◆ **YOUR ASSIGNMENT**
Exact copy, no pictures: return only the lines below from the line with "line L1 (37.5, 0) -> (37.5, 30)" up to and including the line with "line L4 (63.55, -42.3)".

◆ **Data excerpts**
↓↓↓

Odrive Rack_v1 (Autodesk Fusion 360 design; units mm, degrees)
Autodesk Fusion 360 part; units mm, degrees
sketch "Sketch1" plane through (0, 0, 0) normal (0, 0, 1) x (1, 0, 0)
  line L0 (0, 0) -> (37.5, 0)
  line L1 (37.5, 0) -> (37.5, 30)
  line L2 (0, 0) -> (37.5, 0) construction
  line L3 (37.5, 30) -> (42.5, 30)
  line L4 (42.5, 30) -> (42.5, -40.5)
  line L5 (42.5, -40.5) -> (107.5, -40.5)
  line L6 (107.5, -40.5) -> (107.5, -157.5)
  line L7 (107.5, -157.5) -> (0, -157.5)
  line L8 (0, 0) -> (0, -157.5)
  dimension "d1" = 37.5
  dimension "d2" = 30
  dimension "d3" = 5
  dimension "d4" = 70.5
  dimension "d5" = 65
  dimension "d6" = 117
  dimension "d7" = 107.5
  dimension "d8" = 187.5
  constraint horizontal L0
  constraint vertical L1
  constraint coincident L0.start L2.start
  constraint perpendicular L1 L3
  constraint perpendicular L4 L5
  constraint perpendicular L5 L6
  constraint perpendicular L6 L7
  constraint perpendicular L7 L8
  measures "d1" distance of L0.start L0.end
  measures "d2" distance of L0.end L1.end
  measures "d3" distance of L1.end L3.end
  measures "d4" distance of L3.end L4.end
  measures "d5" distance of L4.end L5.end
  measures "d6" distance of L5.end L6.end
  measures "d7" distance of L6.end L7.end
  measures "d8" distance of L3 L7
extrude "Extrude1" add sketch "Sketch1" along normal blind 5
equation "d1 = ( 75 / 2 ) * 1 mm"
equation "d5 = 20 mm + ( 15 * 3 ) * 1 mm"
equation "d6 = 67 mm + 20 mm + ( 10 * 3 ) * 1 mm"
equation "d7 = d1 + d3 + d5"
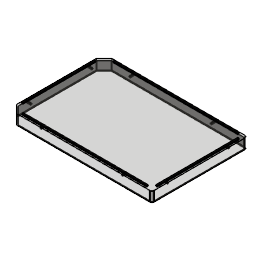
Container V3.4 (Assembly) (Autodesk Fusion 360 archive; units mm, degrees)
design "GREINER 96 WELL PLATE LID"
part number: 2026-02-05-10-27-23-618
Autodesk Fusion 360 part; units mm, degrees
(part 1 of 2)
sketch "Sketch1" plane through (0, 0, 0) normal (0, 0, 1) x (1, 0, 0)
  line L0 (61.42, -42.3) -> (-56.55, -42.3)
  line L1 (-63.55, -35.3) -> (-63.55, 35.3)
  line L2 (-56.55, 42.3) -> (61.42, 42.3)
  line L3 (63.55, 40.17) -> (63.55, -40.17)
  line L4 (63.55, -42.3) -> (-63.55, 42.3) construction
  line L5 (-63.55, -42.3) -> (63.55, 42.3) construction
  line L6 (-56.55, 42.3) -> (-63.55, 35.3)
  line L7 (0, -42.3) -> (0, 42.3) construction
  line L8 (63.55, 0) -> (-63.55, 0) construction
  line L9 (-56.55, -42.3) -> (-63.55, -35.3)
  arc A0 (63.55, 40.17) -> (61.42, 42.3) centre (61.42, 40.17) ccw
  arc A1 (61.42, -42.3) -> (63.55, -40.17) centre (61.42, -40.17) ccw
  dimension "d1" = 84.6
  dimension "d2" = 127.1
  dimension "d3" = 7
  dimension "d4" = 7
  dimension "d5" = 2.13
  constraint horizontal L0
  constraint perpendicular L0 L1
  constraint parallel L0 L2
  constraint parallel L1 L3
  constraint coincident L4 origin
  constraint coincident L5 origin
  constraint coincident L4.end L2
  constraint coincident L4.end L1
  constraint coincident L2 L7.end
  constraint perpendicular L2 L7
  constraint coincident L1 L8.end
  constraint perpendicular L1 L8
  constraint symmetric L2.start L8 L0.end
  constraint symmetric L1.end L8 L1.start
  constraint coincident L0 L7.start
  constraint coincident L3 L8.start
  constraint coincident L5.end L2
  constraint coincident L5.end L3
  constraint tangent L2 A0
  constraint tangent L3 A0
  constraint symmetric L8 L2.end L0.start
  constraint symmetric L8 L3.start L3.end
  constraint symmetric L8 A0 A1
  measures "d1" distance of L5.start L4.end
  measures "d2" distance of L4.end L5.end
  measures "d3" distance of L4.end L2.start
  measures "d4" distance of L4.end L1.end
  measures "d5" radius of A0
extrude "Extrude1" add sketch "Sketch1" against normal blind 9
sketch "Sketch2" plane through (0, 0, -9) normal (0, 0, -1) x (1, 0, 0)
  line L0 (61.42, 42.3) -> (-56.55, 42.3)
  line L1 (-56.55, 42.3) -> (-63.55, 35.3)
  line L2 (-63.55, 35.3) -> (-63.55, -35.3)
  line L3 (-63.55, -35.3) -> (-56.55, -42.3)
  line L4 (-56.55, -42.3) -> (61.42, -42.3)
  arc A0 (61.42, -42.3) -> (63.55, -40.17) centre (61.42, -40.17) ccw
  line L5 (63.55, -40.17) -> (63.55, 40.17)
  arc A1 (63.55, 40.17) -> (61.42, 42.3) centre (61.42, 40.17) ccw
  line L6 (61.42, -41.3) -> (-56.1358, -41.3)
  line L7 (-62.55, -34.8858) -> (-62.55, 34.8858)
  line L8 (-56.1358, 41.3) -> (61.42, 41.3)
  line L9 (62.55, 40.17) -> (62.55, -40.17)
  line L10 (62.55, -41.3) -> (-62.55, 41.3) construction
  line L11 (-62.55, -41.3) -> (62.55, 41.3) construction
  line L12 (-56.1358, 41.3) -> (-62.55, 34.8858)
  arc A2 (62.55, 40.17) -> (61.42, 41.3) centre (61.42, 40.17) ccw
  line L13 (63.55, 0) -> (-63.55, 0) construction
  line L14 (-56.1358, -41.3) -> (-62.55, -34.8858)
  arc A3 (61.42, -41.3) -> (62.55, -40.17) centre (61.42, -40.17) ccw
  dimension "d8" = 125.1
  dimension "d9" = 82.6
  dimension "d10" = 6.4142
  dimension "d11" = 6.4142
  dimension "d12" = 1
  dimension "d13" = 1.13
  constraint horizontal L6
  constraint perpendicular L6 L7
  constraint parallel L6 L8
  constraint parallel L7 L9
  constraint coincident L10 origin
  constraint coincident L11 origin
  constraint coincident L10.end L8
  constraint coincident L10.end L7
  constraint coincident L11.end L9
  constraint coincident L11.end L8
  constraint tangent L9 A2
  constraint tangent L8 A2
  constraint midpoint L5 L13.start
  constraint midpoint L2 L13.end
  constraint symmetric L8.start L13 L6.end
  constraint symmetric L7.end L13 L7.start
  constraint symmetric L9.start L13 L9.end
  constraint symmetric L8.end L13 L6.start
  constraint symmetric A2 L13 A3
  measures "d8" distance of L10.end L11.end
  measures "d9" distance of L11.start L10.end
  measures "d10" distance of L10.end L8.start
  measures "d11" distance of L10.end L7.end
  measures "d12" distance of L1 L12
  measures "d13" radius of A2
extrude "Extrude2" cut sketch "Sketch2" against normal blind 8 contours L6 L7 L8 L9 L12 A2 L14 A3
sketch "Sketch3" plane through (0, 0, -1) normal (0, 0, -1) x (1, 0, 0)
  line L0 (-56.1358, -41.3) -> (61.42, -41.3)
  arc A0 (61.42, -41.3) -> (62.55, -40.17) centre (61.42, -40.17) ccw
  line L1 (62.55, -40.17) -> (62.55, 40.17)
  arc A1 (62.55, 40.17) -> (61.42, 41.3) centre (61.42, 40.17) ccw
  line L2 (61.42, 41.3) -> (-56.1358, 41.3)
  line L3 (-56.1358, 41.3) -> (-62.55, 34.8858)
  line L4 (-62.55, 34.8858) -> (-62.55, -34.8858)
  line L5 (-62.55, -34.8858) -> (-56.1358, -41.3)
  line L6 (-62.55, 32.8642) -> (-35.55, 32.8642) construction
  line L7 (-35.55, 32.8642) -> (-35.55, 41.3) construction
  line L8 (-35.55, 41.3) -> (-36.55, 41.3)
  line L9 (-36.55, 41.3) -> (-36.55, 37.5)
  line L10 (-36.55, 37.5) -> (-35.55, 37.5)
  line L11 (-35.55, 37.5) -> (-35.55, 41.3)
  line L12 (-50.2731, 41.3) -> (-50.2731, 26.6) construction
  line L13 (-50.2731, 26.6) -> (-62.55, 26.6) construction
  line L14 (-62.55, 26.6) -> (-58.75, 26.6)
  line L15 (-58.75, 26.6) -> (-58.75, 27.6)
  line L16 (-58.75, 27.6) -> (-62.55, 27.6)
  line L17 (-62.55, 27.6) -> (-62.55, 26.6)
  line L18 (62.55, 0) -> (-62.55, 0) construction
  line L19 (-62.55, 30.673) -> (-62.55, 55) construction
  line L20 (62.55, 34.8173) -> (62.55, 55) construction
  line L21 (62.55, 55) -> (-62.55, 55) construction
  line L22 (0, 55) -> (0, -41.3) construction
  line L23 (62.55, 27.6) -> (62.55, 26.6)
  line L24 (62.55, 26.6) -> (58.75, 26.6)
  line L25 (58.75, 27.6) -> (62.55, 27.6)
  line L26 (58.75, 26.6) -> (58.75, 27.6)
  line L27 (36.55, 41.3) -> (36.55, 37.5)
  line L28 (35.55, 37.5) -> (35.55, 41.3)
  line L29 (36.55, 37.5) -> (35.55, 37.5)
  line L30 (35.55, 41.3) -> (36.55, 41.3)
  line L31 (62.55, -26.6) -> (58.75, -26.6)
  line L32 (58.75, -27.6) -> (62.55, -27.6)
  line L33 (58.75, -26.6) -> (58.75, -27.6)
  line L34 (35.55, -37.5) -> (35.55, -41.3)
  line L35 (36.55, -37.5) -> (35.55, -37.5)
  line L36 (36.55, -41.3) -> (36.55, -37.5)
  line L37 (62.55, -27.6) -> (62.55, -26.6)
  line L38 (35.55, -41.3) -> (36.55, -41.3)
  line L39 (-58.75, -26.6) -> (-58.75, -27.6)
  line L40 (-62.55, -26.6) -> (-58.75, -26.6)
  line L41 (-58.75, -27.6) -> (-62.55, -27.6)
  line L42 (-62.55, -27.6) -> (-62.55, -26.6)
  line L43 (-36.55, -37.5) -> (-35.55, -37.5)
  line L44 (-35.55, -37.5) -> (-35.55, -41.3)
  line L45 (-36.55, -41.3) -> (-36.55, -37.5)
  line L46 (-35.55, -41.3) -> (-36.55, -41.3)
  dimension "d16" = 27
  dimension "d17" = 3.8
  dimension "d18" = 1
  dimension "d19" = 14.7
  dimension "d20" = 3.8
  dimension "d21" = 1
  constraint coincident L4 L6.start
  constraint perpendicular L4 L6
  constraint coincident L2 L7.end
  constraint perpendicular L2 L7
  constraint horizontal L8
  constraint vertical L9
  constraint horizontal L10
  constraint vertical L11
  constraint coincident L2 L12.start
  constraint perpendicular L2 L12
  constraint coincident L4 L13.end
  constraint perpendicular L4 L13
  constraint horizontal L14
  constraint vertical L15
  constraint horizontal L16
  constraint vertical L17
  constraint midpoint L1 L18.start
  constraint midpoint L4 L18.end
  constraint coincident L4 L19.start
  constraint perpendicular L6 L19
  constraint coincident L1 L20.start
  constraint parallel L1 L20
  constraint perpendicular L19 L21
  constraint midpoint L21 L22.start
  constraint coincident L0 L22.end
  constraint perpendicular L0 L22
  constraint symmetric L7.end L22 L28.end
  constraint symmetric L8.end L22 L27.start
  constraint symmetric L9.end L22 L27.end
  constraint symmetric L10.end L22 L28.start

↑↑↑

◆ **OUTPUT OF THE TASK**
  line L1 (37.5, 0) -> (37.5, 30)
  line L2 (0, 0) -> (37.5, 0) construction
  line L3 (37.5, 30) -> (42.5, 30)
  line L4 (42.5, 30) -> (42.5, -40.5)
  line L5 (42.5, -40.5) -> (107.5, -40.5)
  line L6 (107.5, -40.5) -> (107.5, -157.5)
  line L7 (107.5, -157.5) -> (0, -157.5)
  line L8 (0, 0) -> (0, -157.5)
  dimension "d1" = 37.5
  dimension "d2" = 30
  dimension "d3" = 5
  dimension "d4" = 70.5
  dimension "d5" = 65
  dimension "d6" = 117
  dimension "d7" = 107.5
  dimension "d8" = 187.5
  constraint horizontal L0
  constraint vertical L1
  constraint coincident L0.start L2.start
  constraint perpendicular L1 L3
  constraint perpendicular L4 L5
  constraint perpendicular L5 L6
  constraint perpendicular L6 L7
  constraint perpendicular L7 L8
  measures "d1" distance of L0.start L0.end
  measures "d2" distance of L0.end L1.end
  measures "d3" distance of L1.end L3.end
  measures "d4" distance of L3.end L4.end
  measures "d5" distance of L4.end L5.end
  measures "d6" distance of L5.end L6.end
  measures "d7" distance of L6.end L7.end
  measures "d8" distance of L3 L7
extrude "Extrude1" add sketch "Sketch1" along normal blind 5
equation "d1 = ( 75 / 2 ) * 1 mm"
equation "d5 = 20 mm + ( 15 * 3 ) * 1 mm"
equation "d6 = 67 mm + 20 mm + ( 10 * 3 ) * 1 mm"
equation "d7 = d1 + d3 + d5"
Container V3.4 (Assembly) (Autodesk Fusion 360 archive; units mm, degrees)
design "GREINER 96 WELL PLATE LID"
part number: 2026-02-05-10-27-23-618
Autodesk Fusion 360 part; units mm, degrees
(part 1 of 2)
sketch "Sketch1" plane through (0, 0, 0) normal (0, 0, 1) x (1, 0, 0)
  line L0 (61.42, -42.3) -> (-56.55, -42.3)
  line L1 (-63.55, -35.3) -> (-63.55, 35.3)
  line L2 (-56.55, 42.3) -> (61.42, 42.3)
  line L3 (63.55, 40.17) -> (63.55, -40.17)
  line L4 (63.55, -42.3) -> (-63.55, 42.3) construction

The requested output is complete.